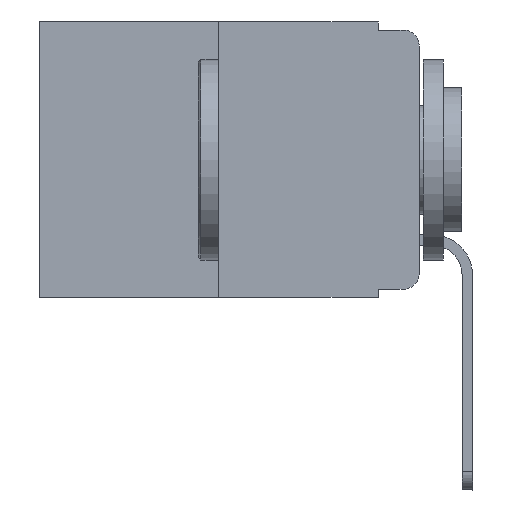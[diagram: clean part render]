
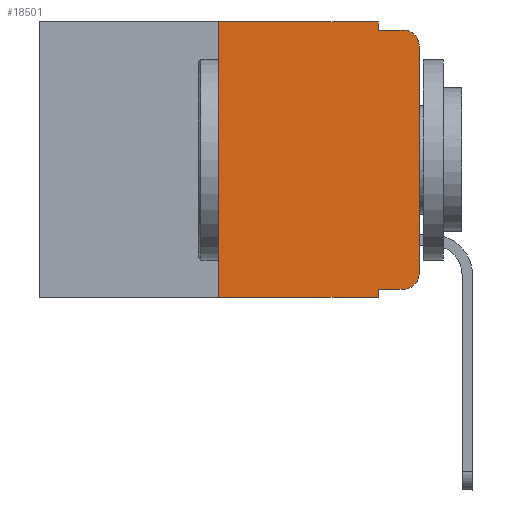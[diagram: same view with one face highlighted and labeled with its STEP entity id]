
A CAD part, left-side view. The second image highlights one B-rep face of the part: STEP entity #18501.
In plain terms, the highlighted planar face has unit normal (-1, 0, 0).
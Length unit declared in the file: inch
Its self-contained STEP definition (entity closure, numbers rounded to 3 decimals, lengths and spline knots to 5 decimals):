
#470 = VECTOR ( 'NONE', #2275, 39.37008 ) ;
#697 = VECTOR ( 'NONE', #11202, 39.37008 ) ;
#1051 = VERTEX_POINT ( 'NONE', #2733 ) ;
#1276 = AXIS2_PLACEMENT_3D ( 'NONE', #9820, #17690, #1851 ) ;
#1575 = DIRECTION ( 'NONE',  ( 0., 0., -1. ) ) ;
#1577 = CARTESIAN_POINT ( 'NONE',  ( 0., 0.051, -0.01 ) ) ;
#1764 = ORIENTED_EDGE ( 'NONE', *, *, #11230, .T. ) ;
#1851 = DIRECTION ( 'NONE',  ( 0., 0., -1. ) ) ;
#2275 = DIRECTION ( 'NONE',  ( 0., 0., 1. ) ) ;
#2368 = ORIENTED_EDGE ( 'NONE', *, *, #6343, .T. ) ;
#2559 = CARTESIAN_POINT ( 'NONE',  ( 0., 0.25, 0. ) ) ;
#2566 = ORIENTED_EDGE ( 'NONE', *, *, #10568, .T. ) ;
#2597 = CARTESIAN_POINT ( 'NONE',  ( 0., 0.02, -0.333 ) ) ;
#2606 = ORIENTED_EDGE ( 'NONE', *, *, #16383, .T. ) ;
#2640 = CIRCLE ( 'NONE', #1276, 0.02 ) ;
#2733 = CARTESIAN_POINT ( 'NONE',  ( 0., 0.051, -0.343 ) ) ;
#2770 = DIRECTION ( 'NONE',  ( 0., -1., 0. ) ) ;
#3084 = DIRECTION ( 'NONE',  ( -1., 0., 0. ) ) ;
#3191 = CARTESIAN_POINT ( 'NONE',  ( 0., 0.02, -0.03 ) ) ;
#4245 = LINE ( 'NONE', #12412, #5741 ) ;
#4448 = DIRECTION ( 'NONE',  ( 0., -1., 0. ) ) ;
#4565 = VECTOR ( 'NONE', #2770, 39.37008 ) ;
#4997 = VECTOR ( 'NONE', #14601, 39.37008 ) ;
#5146 = CARTESIAN_POINT ( 'NONE',  ( 0., 0.473, 0. ) ) ;
#5229 = EDGE_LOOP ( 'NONE', ( #2368, #1764, #19032, #19885, #6354, #11509, #2566, #12391, #2606, #15821 ) ) ;
#5674 = EDGE_CURVE ( 'NONE', #20145, #19111, #17520, .T. ) ;
#5741 = VECTOR ( 'NONE', #4448, 39.37008 ) ;
#5819 = CARTESIAN_POINT ( 'NONE',  ( 0., 0.051, 0. ) ) ;
#6193 = VECTOR ( 'NONE', #16523, 39.37008 ) ;
#6248 = CARTESIAN_POINT ( 'NONE',  ( 0., 0.051, -0.333 ) ) ;
#6308 = LINE ( 'NONE', #16286, #697 ) ;
#6343 = EDGE_CURVE ( 'NONE', #14901, #11314, #6639, .T. ) ;
#6354 = ORIENTED_EDGE ( 'NONE', *, *, #14469, .F. ) ;
#6363 = CARTESIAN_POINT ( 'NONE',  ( 0., 0., -0.03 ) ) ;
#6639 = LINE ( 'NONE', #7382, #470 ) ;
#7367 = PLANE ( 'NONE',  #11538 ) ;
#7382 = CARTESIAN_POINT ( 'NONE',  ( 0., 0., 0. ) ) ;
#7683 = CARTESIAN_POINT ( 'NONE',  ( 0., 0.25, -0.343 ) ) ;
#8109 = CARTESIAN_POINT ( 'NONE',  ( 0., 0., -0.313 ) ) ;
#8708 = LINE ( 'NONE', #5819, #16399 ) ;
#9141 = EDGE_CURVE ( 'NONE', #11556, #20145, #6308, .T. ) ;
#9820 = CARTESIAN_POINT ( 'NONE',  ( 0., 0.02, -0.313 ) ) ;
#9903 = EDGE_CURVE ( 'NONE', #11955, #20604, #13719, .T. ) ;
#9961 = LINE ( 'NONE', #11535, #6193 ) ;
#10128 = CARTESIAN_POINT ( 'NONE',  ( 0., 0.25, 0. ) ) ;
#10448 = DIRECTION ( 'NONE',  ( 0., 0., -1. ) ) ;
#10515 = DIRECTION ( 'NONE',  ( 0., 0., 1. ) ) ;
#10568 = EDGE_CURVE ( 'NONE', #11955, #1051, #9961, .T. ) ;
#11202 = DIRECTION ( 'NONE',  ( 0., 0., -1. ) ) ;
#11230 = EDGE_CURVE ( 'NONE', #11314, #19111, #16730, .T. ) ;
#11314 = VERTEX_POINT ( 'NONE', #6363 ) ;
#11503 = EDGE_CURVE ( 'NONE', #17826, #1051, #8708, .T. ) ;
#11509 = ORIENTED_EDGE ( 'NONE', *, *, #9903, .F. ) ;
#11535 = CARTESIAN_POINT ( 'NONE',  ( 0., 0.473, -0.343 ) ) ;
#11538 = AXIS2_PLACEMENT_3D ( 'NONE', #13850, #13755, #10448 ) ;
#11556 = VERTEX_POINT ( 'NONE', #20092 ) ;
#11955 = VERTEX_POINT ( 'NONE', #7683 ) ;
#12391 = ORIENTED_EDGE ( 'NONE', *, *, #11503, .F. ) ;
#12412 = CARTESIAN_POINT ( 'NONE',  ( 0., 0.051, -0.333 ) ) ;
#13065 = EDGE_CURVE ( 'NONE', #19705, #14901, #2640, .T. ) ;
#13242 = CARTESIAN_POINT ( 'NONE',  ( 0., 0.02, -0.01 ) ) ;
#13719 = LINE ( 'NONE', #2559, #20112 ) ;
#13755 = DIRECTION ( 'NONE',  ( 1., 0., 0. ) ) ;
#13850 = CARTESIAN_POINT ( 'NONE',  ( 0., 0.473, 0. ) ) ;
#13960 = FACE_OUTER_BOUND ( 'NONE', #5229, .T. ) ;
#14469 = EDGE_CURVE ( 'NONE', #20604, #11556, #19415, .T. ) ;
#14601 = DIRECTION ( 'NONE',  ( 0., -1., 0. ) ) ;
#14901 = VERTEX_POINT ( 'NONE', #8109 ) ;
#15032 = AXIS2_PLACEMENT_3D ( 'NONE', #3191, #3084, #1575 ) ;
#15821 = ORIENTED_EDGE ( 'NONE', *, *, #13065, .T. ) ;
#16286 = CARTESIAN_POINT ( 'NONE',  ( 0., 0.051, 0. ) ) ;
#16383 = EDGE_CURVE ( 'NONE', #17826, #19705, #4245, .T. ) ;
#16399 = VECTOR ( 'NONE', #18910, 39.37008 ) ;
#16523 = DIRECTION ( 'NONE',  ( 0., -1., 0. ) ) ;
#16730 = CIRCLE ( 'NONE', #15032, 0.02 ) ;
#17520 = LINE ( 'NONE', #20733, #4565 ) ;
#17690 = DIRECTION ( 'NONE',  ( -1., 0., 0. ) ) ;
#17826 = VERTEX_POINT ( 'NONE', #6248 ) ;
#18501 = ADVANCED_FACE ( 'NONE', ( #13960 ), #7367, .F. ) ;
#18910 = DIRECTION ( 'NONE',  ( 0., 0., -1. ) ) ;
#19032 = ORIENTED_EDGE ( 'NONE', *, *, #5674, .F. ) ;
#19111 = VERTEX_POINT ( 'NONE', #13242 ) ;
#19415 = LINE ( 'NONE', #5146, #4997 ) ;
#19705 = VERTEX_POINT ( 'NONE', #2597 ) ;
#19885 = ORIENTED_EDGE ( 'NONE', *, *, #9141, .F. ) ;
#20092 = CARTESIAN_POINT ( 'NONE',  ( 0., 0.051, 0. ) ) ;
#20112 = VECTOR ( 'NONE', #10515, 39.37008 ) ;
#20145 = VERTEX_POINT ( 'NONE', #1577 ) ;
#20604 = VERTEX_POINT ( 'NONE', #10128 ) ;
#20733 = CARTESIAN_POINT ( 'NONE',  ( 0., 0.051, -0.01 ) ) ;
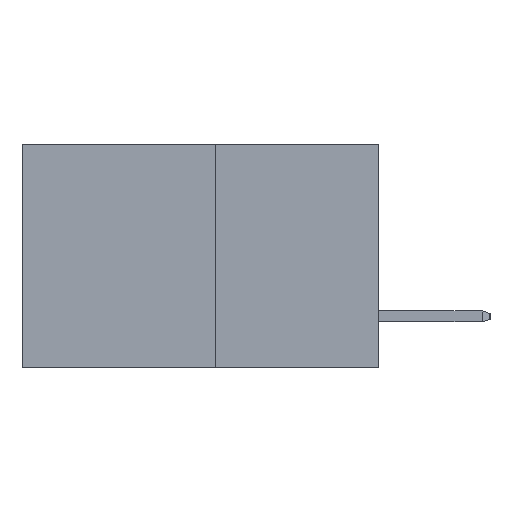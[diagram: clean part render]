
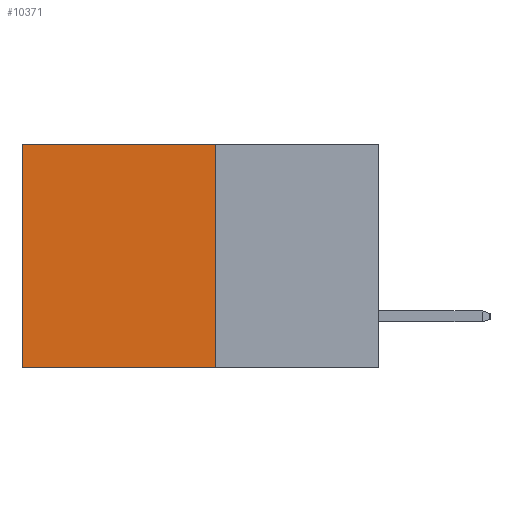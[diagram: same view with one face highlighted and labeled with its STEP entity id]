
A CAD part, left-side view. The second image highlights one B-rep face of the part: STEP entity #10371.
In plain terms, the highlighted planar face has unit normal (-1, 0, 0).
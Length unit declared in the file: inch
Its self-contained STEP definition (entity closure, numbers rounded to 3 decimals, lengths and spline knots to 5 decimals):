
#723 = EDGE_CURVE ( 'NONE', #2415, #3083, #956, .T. ) ;
#948 = VECTOR ( 'NONE', #29250, 39.37008 ) ;
#956 = LINE ( 'NONE', #12950, #25061 ) ;
#1853 = LINE ( 'NONE', #28857, #13525 ) ;
#2415 = VERTEX_POINT ( 'NONE', #9059 ) ;
#3083 = VERTEX_POINT ( 'NONE', #21049 ) ;
#4936 = VECTOR ( 'NONE', #27880, 39.37008 ) ;
#6704 = CARTESIAN_POINT ( 'NONE',  ( 0.277, 0.59, 0. ) ) ;
#7209 = LINE ( 'NONE', #13039, #948 ) ;
#7729 = AXIS2_PLACEMENT_3D ( 'NONE', #22848, #27478, #13544 ) ;
#8076 = DIRECTION ( 'NONE',  ( 0., 1., 0. ) ) ;
#9059 = CARTESIAN_POINT ( 'NONE',  ( 0.277, 0.27, -0.37 ) ) ;
#10371 = ADVANCED_FACE ( 'NONE', ( #15205 ), #25162, .F. ) ;
#12941 = EDGE_CURVE ( 'NONE', #22743, #3083, #7209, .T. ) ;
#12950 = CARTESIAN_POINT ( 'NONE',  ( 0.277, 0.27, -0.37 ) ) ;
#13039 = CARTESIAN_POINT ( 'NONE',  ( 0.277, 0.59, -0.37 ) ) ;
#13525 = VECTOR ( 'NONE', #8076, 39.37008 ) ;
#13544 = DIRECTION ( 'NONE',  ( 0., 0., -1. ) ) ;
#14263 = VERTEX_POINT ( 'NONE', #22163 ) ;
#15205 = FACE_OUTER_BOUND ( 'NONE', #19931, .T. ) ;
#15878 = ORIENTED_EDGE ( 'NONE', *, *, #12941, .T. ) ;
#16720 = EDGE_CURVE ( 'NONE', #14263, #2415, #29609, .T. ) ;
#18840 = ORIENTED_EDGE ( 'NONE', *, *, #723, .F. ) ;
#19029 = ORIENTED_EDGE ( 'NONE', *, *, #29867, .T. ) ;
#19931 = EDGE_LOOP ( 'NONE', ( #15878, #18840, #26506, #19029 ) ) ;
#21049 = CARTESIAN_POINT ( 'NONE',  ( 0.277, 0.59, -0.37 ) ) ;
#22163 = CARTESIAN_POINT ( 'NONE',  ( 0.277, 0.27, 0. ) ) ;
#22552 = DIRECTION ( 'NONE',  ( 0., 1., 0. ) ) ;
#22743 = VERTEX_POINT ( 'NONE', #6704 ) ;
#22848 = CARTESIAN_POINT ( 'NONE',  ( 0.277, 0.27, -0.37 ) ) ;
#25061 = VECTOR ( 'NONE', #22552, 39.37008 ) ;
#25162 = PLANE ( 'NONE',  #7729 ) ;
#25607 = CARTESIAN_POINT ( 'NONE',  ( 0.277, 0.27, -0.37 ) ) ;
#26506 = ORIENTED_EDGE ( 'NONE', *, *, #16720, .F. ) ;
#27478 = DIRECTION ( 'NONE',  ( 1., 0., 0. ) ) ;
#27880 = DIRECTION ( 'NONE',  ( 0., 0., -1. ) ) ;
#28857 = CARTESIAN_POINT ( 'NONE',  ( 0.277, 0.27, 0. ) ) ;
#29250 = DIRECTION ( 'NONE',  ( 0., 0., -1. ) ) ;
#29609 = LINE ( 'NONE', #25607, #4936 ) ;
#29867 = EDGE_CURVE ( 'NONE', #14263, #22743, #1853, .T. ) ;
+++
*TASK INSTRUCTIONS*
Among the records above, which lines hold the word "image"? Copy each one.

*TASK RESPONSE*
A CAD part, left-side view. The second image highlights one B-rep face of the part: STEP entity #18501.
A CAD part, left-side view. The second image highlights one B-rep face of the part: STEP entity #10371.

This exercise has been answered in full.